State Takes Action to Prevent Homelessness; Improve Access to Services and Supports and Remove Barriers
On April 24, 2019, New Jersey Department of Human Services (DHS) Commissioner Carole Johnson announced that DHS is acting to assist individuals and families who are either homeless or at-risk of becoming homeless. DHS is making it easier for New Jerseyans at risk of homelessness to receive critical services and assistance.
The changes made last month include updating guidance and proposing rule changes to make timely access to Emergency Assistance services easier. This quicker access will assist eligible individuals struggling to make rent, pay utilities or secure emergency shelter; make it easier for families experiencing homelessness to get child care; and ease barriers to enrollment for these critical programs.
“Too many individuals and families across New Jersey struggle to get on the strongest possible financial footing,” said Human Services Commissioner Carole Johnson.
“As we implement important changes like increasing the minimum wage to help our families improve their economic outlook, we also need to ensure that our safety net is strong to protect those who continue to struggle. The steps we are taking today will strengthen our ability to prevent and respond to the threat of homelessness. Most importantly, these changes will bring critical help to individuals and families at their time of greatest need.”
Policy changes to Emergency Assistance services include:
Ensuring Services for those in “Immediate Need”: DHS is issuing clarifying guidance to counties, which administer Emergency Assistance services. This clarifying guidance makes clear that under the State’s “immediate need” policy, individuals and families who are likely eligible for financial and/or housing assistance but who have not yet been determined eligible, are able to receive services immediately if they lack shelter or are at imminent risk of losing shelter.

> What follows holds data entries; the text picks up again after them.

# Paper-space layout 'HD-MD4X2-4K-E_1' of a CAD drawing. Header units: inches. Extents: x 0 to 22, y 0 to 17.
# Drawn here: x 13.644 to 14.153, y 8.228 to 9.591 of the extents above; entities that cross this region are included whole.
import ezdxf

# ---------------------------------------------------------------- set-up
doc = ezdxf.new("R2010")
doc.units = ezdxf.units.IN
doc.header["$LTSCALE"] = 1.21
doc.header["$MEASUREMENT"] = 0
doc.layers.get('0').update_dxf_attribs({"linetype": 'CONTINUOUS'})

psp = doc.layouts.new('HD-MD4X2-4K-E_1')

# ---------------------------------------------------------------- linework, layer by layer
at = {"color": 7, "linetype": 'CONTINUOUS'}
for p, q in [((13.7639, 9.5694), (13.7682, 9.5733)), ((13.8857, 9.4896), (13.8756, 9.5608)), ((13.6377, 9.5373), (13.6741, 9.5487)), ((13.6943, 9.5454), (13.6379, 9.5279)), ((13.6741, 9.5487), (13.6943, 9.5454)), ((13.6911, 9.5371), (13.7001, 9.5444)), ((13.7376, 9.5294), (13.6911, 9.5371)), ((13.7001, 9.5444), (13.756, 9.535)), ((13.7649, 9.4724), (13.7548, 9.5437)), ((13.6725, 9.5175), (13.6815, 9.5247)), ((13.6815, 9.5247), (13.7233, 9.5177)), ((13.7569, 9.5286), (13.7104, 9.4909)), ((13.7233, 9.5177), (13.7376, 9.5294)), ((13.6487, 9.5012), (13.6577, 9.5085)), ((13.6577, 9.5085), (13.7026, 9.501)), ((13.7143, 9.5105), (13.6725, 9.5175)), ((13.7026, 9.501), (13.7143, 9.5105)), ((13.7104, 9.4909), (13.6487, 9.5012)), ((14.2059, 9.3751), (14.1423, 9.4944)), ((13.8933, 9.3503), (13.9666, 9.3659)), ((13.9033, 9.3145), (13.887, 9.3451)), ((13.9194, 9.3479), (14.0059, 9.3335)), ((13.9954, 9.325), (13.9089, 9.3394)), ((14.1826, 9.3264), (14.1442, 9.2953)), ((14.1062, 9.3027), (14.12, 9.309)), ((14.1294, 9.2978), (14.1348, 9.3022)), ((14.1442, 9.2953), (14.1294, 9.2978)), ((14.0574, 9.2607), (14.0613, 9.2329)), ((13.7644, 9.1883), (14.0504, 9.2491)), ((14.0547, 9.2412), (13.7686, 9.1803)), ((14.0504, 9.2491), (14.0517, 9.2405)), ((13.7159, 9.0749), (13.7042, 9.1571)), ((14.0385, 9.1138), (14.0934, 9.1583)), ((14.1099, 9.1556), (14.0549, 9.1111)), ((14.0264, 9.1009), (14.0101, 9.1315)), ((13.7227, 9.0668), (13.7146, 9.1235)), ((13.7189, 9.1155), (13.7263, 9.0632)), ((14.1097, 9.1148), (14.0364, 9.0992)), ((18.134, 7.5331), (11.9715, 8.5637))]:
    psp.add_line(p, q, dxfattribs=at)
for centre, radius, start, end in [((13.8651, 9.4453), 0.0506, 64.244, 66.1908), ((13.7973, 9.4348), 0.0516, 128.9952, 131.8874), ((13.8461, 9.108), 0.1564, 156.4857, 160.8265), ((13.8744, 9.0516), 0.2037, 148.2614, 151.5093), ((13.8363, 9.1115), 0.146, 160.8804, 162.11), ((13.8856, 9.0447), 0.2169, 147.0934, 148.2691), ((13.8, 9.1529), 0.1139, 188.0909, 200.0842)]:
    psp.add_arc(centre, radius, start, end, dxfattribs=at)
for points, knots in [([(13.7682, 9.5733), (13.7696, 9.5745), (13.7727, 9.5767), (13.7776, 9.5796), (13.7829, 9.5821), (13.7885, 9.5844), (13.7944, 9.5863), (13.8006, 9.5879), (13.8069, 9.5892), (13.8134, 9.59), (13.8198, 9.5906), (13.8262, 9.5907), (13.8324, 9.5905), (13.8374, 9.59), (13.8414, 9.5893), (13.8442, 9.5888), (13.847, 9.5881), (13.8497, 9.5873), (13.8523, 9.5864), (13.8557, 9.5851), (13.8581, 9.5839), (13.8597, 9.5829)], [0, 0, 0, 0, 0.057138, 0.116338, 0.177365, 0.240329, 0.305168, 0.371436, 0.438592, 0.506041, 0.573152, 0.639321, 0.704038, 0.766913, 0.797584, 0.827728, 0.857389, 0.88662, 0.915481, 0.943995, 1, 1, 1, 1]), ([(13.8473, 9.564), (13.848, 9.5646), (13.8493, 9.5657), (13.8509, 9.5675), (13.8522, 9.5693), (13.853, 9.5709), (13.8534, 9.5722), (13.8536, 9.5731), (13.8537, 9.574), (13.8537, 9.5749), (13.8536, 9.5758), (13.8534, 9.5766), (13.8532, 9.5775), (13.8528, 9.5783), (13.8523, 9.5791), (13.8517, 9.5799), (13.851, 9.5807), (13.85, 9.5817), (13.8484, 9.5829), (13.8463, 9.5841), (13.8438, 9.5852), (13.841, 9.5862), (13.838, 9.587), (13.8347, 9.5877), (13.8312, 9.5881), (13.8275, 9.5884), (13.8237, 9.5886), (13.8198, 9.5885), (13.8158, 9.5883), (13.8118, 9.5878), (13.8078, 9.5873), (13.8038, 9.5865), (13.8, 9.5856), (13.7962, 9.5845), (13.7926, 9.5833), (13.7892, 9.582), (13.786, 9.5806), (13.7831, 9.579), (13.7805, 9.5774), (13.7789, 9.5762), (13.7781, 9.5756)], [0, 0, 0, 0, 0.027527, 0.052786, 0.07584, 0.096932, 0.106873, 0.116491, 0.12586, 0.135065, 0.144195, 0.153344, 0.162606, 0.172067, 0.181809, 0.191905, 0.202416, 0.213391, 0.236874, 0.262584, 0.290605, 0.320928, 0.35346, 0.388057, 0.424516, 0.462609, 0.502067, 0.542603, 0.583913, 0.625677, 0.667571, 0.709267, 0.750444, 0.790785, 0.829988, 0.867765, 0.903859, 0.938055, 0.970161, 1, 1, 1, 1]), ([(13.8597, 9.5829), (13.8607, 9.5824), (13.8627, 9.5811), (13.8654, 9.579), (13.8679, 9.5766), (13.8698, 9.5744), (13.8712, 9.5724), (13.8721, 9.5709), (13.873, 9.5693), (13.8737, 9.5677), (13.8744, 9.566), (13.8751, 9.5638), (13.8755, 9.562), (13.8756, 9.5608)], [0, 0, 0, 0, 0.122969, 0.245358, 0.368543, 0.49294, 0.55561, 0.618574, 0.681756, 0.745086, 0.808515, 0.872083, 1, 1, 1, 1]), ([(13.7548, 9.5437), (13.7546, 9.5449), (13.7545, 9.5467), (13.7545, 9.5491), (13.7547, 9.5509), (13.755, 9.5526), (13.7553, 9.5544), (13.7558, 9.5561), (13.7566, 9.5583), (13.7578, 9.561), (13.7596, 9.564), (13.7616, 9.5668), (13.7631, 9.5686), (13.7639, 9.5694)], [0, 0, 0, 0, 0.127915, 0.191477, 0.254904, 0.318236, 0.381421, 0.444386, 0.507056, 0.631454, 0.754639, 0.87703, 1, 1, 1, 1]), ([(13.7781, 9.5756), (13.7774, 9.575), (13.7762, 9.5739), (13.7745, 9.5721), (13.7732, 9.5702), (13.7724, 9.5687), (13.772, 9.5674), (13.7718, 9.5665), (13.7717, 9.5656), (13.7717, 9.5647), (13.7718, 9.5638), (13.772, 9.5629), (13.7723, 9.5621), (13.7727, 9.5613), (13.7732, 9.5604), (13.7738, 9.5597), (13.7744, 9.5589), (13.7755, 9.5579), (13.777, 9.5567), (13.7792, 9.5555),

This clarification is intended to ensure that individuals in need of immediate shelter or of assistance to prevent losing their home or apartment, get help quickly while their application is reviewed. The policy provides for up to 30 days of temporary services for individuals and families in immediate need of shelter, food, or clothing.
Repealing the “Causing Your Own Homelessness” Standard: DHS will issue rulemaking to repeal regulations that allow individuals to be denied Emergency Assistance when they are deemed to have “caused their own homelessness.” The lack of clarity around this regulatory standard has resulted in varied interpretations and inconsistency in implementation. Instead, the revised rule will seek to more clearly define eligibility as well as good cause exceptions for individuals otherwise ineligible for Emergency Assistance.
Better Supporting Young Adults At-Risk of Homelessness: DHS intends to revise an existing rule to eliminate the requirement that some individuals seeking assistance, such as Emergency Assistance to prevent homelessness, provide their parents’ tax returns. The tax returns had been required to demonstrate that they are not claimed as a dependent by their parents. This can make it difficult for young adults in need of services to obtain critical help.
Policy change to the Child Care Subsidy Program are:
Helping Families who are Homeless Access Child Care Services: DHS is establishing a new policy in its child care subsidy program, which assists families with lower incomes afford child care services. This new policy will provide families experiencing homelessness up to six months of child care subsidy services while they compile the standard documentation needed to establish eligibility.
Documentation is generally needed before services are initiated, but the DHS believes this change will better serve the needs of families who are particularly vulnerable.